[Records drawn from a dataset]
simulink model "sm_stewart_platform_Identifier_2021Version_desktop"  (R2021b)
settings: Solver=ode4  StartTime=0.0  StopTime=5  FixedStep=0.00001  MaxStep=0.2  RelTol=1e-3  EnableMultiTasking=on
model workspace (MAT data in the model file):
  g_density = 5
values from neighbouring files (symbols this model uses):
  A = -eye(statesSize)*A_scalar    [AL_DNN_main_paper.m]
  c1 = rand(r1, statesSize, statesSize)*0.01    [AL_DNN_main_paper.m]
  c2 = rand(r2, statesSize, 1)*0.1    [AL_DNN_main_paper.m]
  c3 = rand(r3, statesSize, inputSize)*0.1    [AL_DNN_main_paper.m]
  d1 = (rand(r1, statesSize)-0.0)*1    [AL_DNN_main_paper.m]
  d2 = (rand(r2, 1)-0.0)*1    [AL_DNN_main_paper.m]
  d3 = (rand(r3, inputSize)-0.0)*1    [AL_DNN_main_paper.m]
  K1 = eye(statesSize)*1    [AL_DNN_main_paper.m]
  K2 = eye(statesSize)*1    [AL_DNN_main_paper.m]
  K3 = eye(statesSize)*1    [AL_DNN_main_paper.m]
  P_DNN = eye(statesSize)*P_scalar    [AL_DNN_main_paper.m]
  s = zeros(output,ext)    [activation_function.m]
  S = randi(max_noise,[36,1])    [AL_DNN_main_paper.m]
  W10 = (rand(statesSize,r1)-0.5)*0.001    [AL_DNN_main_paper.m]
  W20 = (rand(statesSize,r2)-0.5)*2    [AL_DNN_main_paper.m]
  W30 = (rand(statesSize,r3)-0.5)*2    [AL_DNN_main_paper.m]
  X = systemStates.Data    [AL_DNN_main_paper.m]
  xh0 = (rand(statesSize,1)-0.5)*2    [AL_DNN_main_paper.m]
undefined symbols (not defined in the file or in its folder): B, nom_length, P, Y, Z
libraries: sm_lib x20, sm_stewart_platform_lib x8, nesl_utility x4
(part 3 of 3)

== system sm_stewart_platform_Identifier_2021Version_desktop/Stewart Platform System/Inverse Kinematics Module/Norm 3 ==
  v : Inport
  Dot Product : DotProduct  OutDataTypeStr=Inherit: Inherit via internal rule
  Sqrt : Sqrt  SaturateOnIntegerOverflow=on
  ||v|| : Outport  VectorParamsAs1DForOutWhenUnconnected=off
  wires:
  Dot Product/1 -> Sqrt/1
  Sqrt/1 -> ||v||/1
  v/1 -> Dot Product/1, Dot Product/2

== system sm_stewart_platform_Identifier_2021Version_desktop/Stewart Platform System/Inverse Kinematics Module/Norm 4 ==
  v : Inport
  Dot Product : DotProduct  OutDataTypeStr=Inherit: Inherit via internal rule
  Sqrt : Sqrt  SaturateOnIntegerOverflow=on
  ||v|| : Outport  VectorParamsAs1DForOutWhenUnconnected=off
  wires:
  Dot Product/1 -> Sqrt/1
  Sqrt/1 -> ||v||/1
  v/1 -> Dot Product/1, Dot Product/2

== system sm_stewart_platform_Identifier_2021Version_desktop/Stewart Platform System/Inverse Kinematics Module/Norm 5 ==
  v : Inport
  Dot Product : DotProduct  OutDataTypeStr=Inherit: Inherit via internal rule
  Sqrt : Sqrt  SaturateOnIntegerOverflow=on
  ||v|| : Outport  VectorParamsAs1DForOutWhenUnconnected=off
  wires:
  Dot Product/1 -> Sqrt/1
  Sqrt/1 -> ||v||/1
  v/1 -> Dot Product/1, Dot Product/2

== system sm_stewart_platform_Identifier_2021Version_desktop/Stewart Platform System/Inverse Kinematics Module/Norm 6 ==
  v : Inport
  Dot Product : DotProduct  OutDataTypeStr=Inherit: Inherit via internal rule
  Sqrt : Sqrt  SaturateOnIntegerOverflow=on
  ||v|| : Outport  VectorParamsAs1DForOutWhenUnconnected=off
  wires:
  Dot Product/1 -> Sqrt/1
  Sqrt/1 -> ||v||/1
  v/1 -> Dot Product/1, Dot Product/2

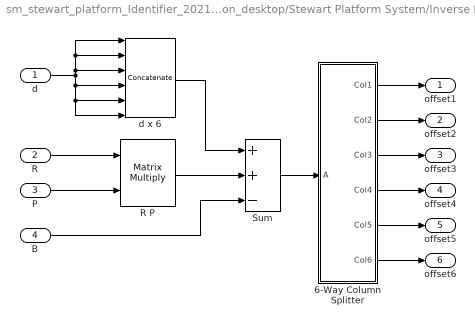
== system sm_stewart_platform_Identifier_2021Version_desktop/Stewart Platform System/Inverse Kinematics Module/Pos Computation ==
  d : Inport
  R : Inport  Port=2
  P : Inport  Port=3
  B : Inport  Port=4
  6-Way Column Splitter : Subsystem
  R P : Product  Multiplication=Matrix(*)  RndMeth=Zero
  Sum : Sum  Inputs=++-
  d x 6 : Concatenate  NumInputs=6  Mode=Multidimensional array  ConcatenateDimension=2
  offset1 : Outport  VectorParamsAs1DForOutWhenUnconnected=off
  offset2 : Outport  Port=2  VectorParamsAs1DForOutWhenUnconnected=off
  offset3 : Outport  Port=3  VectorParamsAs1DForOutWhenUnconnected=off
  offset4 : Outport  Port=4  VectorParamsAs1DForOutWhenUnconnected=off
  offset5 : Outport  Port=5  VectorParamsAs1DForOutWhenUnconnected=off
  offset6 : Outport  Port=6  VectorParamsAs1DForOutWhenUnconnected=off
  wires:
  d/1 -> d x 6/3, d x 6/2, d x 6/1, d x 6/4, d x 6/5, d x 6/6
  Sum/1 -> 6-Way Column Splitter/1(A)
  P/1 -> R P/2
  6-Way Column Splitter/1(Col1) -> offset1/1
  R/1 -> R P/1
  6-Way Column Splitter/2(Col2) -> offset2/1
  6-Way Column Splitter/3(Col3) -> offset3/1
  6-Way Column Splitter/4(Col4) -> offset4/1
  6-Way Column Splitter/5(Col5) -> offset5/1
  6-Way Column Splitter/6(Col6) -> offset6/1
  d x 6/1 -> Sum/1
  B/1 -> Sum/3
  R P/1 -> Sum/2

== system sm_stewart_platform_Identifier_2021Version_desktop/Stewart Platform System/Inverse Kinematics Module/Vel Computation ==
  d' : Inport
  R' : Inport  Port=2
  P : Inport  Port=3
  6-Way Column Splitter : Subsystem
  R P : Product  Multiplication=Matrix(*)  RndMeth=Zero
  Sum : Sum
  d' x 6 : Concatenate  NumInputs=6  Mode=Multidimensional array  ConcatenateDimension=2
  offset1' : Outport  VectorParamsAs1DForOutWhenUnconnected=off
  offset2' : Outport  Port=2  VectorParamsAs1DForOutWhenUnconnected=off
  offset3' : Outport  Port=3  VectorParamsAs1DForOutWhenUnconnected=off
  offset4' : Outport  Port=4  VectorParamsAs1DForOutWhenUnconnected=off
  offset5' : Outport  Port=5  VectorParamsAs1DForOutWhenUnconnected=off
  offset6' : Outport  Port=6  VectorParamsAs1DForOutWhenUnconnected=off
  wires:
  d'/1 -> d' x 6/3, d' x 6/2, d' x 6/1, d' x 6/4, d' x 6/5, d' x 6/6
  Sum/1 -> 6-Way Column Splitter/1(A)
  P/1 -> R P/2
  6-Way Column Splitter/1(Col1) -> offset1'/1
  R'/1 -> R P/1
  6-Way Column Splitter/2(Col2) -> offset2'/1
  6-Way Column Splitter/3(Col3) -> offset3'/1
  6-Way Column Splitter/4(Col4) -> offset4'/1
  6-Way Column Splitter/5(Col5) -> offset5'/1
  6-Way Column Splitter/6(Col6) -> offset6'/1
  d' x 6/1 -> Sum/1
  R P/1 -> Sum/2

== system sm_stewart_platform_Identifier_2021Version_desktop/Stewart Platform System/Manipulator/End Effector ==
  Gripper : Subsystem  mask(Gripper){claw_length=claw_length, claw_width=claw_width, claw_thick=claw_thick, base_thick=base_thick}
      mask prompts: claw_length "Claw Length (cm)"; claw_width "Claw Width (cm)"; claw_thick "Claw Thickness (cm)"; base_thick "Base Thickness (cm)"
      mask help: Models a three-claw robotic gripper. The gripper is completely rigid and for example purposes only.
      mask init:
      | % Compute cross section vertices of gripper base
      | p3 = [+claw_thick / 2; 2 * claw_width];
      | p4 = [-claw_thick / 2; 2 * claw_width];
      | co = cos(2 * pi / 3);
      | si = sin(2 * pi / 3);
      | R = [co +si; -si co];
      | p1 = R * p3;
      | p2 = R * p4;
      | R = [co -si; +si co];
      | p5 = R * p3;
      | p6 = R * p4;
      mask Help:
      | A <em>Gripper</em> models a three-claw robotic gripper.  The gripper is
      | completely rigid and for demonstration purposes only.
      | 
      | The gripper comprises three claws attached to an approximately triangular base.
      | The gripper exposes two frames: the <em>reference</em> frame at the center of the top
      | surface of the base, and the <em>jaw</em> frame at the center of the distil ends
      | of the claws.
      | 
      | <h3>Parameters</h3>
      | 
      | <ul>
      | 
      | <li> <b>Claw Length</b> The length (height) of the trapezoidal claws of the
      |   gripper.  This is the distance between the gripper frame and the top surface of
      |   the gripper base.
      | 
      | <li> <b>Claw Width</b> The width of the trapezoidal claws of the gripper where
      |   they attach to the gripper base.  The claws are narrower at their distal ends.
      |   This value is the main factor determining the size of the gripper base.
      | 
      | <li> <b>Claw Thickness</b> The thickness of the trapezoidal claws of the gripper.
      | 
      | <li> <b>Base Thickness</b> The thickness of the triangular gripper base.
      | 
      | </ul>
      | 
      | <h3>Ports</h3>
      | 
      | <ul>
      | 
      | <li> <b>ref</b> The reference frame of the gripper.  This frame may be used to
      |   connect the gripper to a robot arm.  Its origin is at the center of the top
      |   face of the triangular base, and its z-axis is aligned with the axis of
      |   symmetry of the gripper, pointing up toward the distil ends of the claws.
      | 
      | <li> <b>jaw</b> The jaw frame of the gripper.  The origin of this frame is
      |   centered between the distil ends of the three gripper claws.  The z-axis
      |   points up, aligned with the gripper's axis of symmetry.  The y-axis lies in
      |   the plane of one of the gripper claws.  This frame is often the frame that
      |   a user of a Stewart platform wants to control.
      | 
      | </ul>
      mask Display:
      | image('sm_stewart_platform_gripper.png')
      | color('white')
      | port_label('LConn', 1, 'ref')
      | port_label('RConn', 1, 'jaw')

- **EXERCISE**: Starting at the top of the data above, repeat every line exactly until the line containing "g_density = 5" has been given, then stop.

- **EXERCISE SOLUTION**:
simulink model "sm_stewart_platform_Identifier_2021Version_desktop"  (R2021b)
settings: Solver=ode4  StartTime=0.0  StopTime=5  FixedStep=0.00001  MaxStep=0.2  RelTol=1e-3  EnableMultiTasking=on
model workspace (MAT data in the model file):
  g_density = 5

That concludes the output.